▶ _Problem statement_
In this exercise, retype exactly the lines from the start of the entries through the line bearing "## Documents named in this file (3)", leaving every picture out.

Recorded data:
*** Begin section ***
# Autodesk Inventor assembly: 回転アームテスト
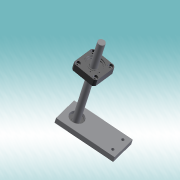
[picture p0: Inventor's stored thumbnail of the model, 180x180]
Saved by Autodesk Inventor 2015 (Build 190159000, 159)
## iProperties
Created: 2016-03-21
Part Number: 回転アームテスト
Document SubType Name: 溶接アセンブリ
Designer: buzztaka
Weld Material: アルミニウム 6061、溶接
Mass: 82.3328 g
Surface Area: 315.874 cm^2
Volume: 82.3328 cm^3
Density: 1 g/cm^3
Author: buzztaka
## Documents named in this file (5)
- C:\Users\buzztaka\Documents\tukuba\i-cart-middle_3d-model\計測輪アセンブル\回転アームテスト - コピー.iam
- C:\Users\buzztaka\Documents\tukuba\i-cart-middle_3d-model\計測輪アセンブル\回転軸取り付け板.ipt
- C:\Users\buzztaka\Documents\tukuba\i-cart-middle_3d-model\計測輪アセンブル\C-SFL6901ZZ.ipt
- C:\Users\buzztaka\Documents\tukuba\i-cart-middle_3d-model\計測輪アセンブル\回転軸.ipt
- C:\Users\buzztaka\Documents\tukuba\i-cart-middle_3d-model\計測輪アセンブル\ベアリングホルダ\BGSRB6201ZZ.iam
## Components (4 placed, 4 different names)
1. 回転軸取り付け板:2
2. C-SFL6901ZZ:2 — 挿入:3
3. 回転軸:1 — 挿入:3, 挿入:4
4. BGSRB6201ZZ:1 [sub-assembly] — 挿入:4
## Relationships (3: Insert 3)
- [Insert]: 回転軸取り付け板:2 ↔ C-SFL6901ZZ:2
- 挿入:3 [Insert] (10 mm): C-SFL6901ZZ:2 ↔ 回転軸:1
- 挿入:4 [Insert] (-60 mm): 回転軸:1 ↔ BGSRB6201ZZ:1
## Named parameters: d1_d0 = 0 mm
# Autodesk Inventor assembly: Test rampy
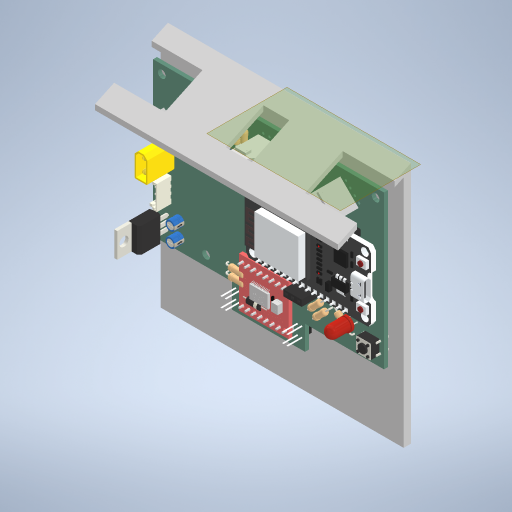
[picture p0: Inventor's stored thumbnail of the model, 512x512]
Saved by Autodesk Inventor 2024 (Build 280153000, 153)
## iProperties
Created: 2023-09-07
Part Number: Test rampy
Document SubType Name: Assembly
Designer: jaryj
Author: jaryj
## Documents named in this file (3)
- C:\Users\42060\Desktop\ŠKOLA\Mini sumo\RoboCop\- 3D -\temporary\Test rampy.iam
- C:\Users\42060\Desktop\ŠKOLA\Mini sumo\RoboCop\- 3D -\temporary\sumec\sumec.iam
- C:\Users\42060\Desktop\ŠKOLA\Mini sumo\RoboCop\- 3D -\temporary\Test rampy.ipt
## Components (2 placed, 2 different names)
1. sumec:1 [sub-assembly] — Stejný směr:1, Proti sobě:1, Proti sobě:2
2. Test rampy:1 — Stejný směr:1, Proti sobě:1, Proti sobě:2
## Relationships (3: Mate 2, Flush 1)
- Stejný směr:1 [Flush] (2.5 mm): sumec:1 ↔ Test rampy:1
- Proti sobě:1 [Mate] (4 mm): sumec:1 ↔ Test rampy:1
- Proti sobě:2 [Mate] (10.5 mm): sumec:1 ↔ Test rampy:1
*** End section ***
▶ _Written answer_
# Autodesk Inventor assembly: 回転アームテスト
[picture p0: Inventor's stored thumbnail of the model, 180x180]
Saved by Autodesk Inventor 2015 (Build 190159000, 159)
## iProperties
Created: 2016-03-21
Part Number: 回転アームテスト
Document SubType Name: 溶接アセンブリ
Designer: buzztaka
Weld Material: アルミニウム 6061、溶接
Mass: 82.3328 g
Surface Area: 315.874 cm^2
Volume: 82.3328 cm^3
Density: 1 g/cm^3
Author: buzztaka
## Documents named in this file (5)
- C:\Users\buzztaka\Documents\tukuba\i-cart-middle_3d-model\計測輪アセンブル\回転アームテスト - コピー.iam
- C:\Users\buzztaka\Documents\tukuba\i-cart-middle_3d-model\計測輪アセンブル\回転軸取り付け板.ipt
- C:\Users\buzztaka\Documents\tukuba\i-cart-middle_3d-model\計測輪アセンブル\C-SFL6901ZZ.ipt
- C:\Users\buzztaka\Documents\tukuba\i-cart-middle_3d-model\計測輪アセンブル\回転軸.ipt
- C:\Users\buzztaka\Documents\tukuba\i-cart-middle_3d-model\計測輪アセンブル\ベアリングホルダ\BGSRB6201ZZ.iam
## Components (4 placed, 4 different names)
1. 回転軸取り付け板:2
2. C-SFL6901ZZ:2 — 挿入:3
3. 回転軸:1 — 挿入:3, 挿入:4
4. BGSRB6201ZZ:1 [sub-assembly] — 挿入:4
## Relationships (3: Insert 3)
- [Insert]: 回転軸取り付け板:2 ↔ C-SFL6901ZZ:2
- 挿入:3 [Insert] (10 mm): C-SFL6901ZZ:2 ↔ 回転軸:1
- 挿入:4 [Insert] (-60 mm): 回転軸:1 ↔ BGSRB6201ZZ:1
## Named parameters: d1_d0 = 0 mm
# Autodesk Inventor assembly: Test rampy
[picture p0: Inventor's stored thumbnail of the model, 512x512]
Saved by Autodesk Inventor 2024 (Build 280153000, 153)
## iProperties
Created: 2023-09-07
Part Number: Test rampy
Document SubType Name: Assembly
Designer: jaryj
Author: jaryj
## Documents named in this file (3)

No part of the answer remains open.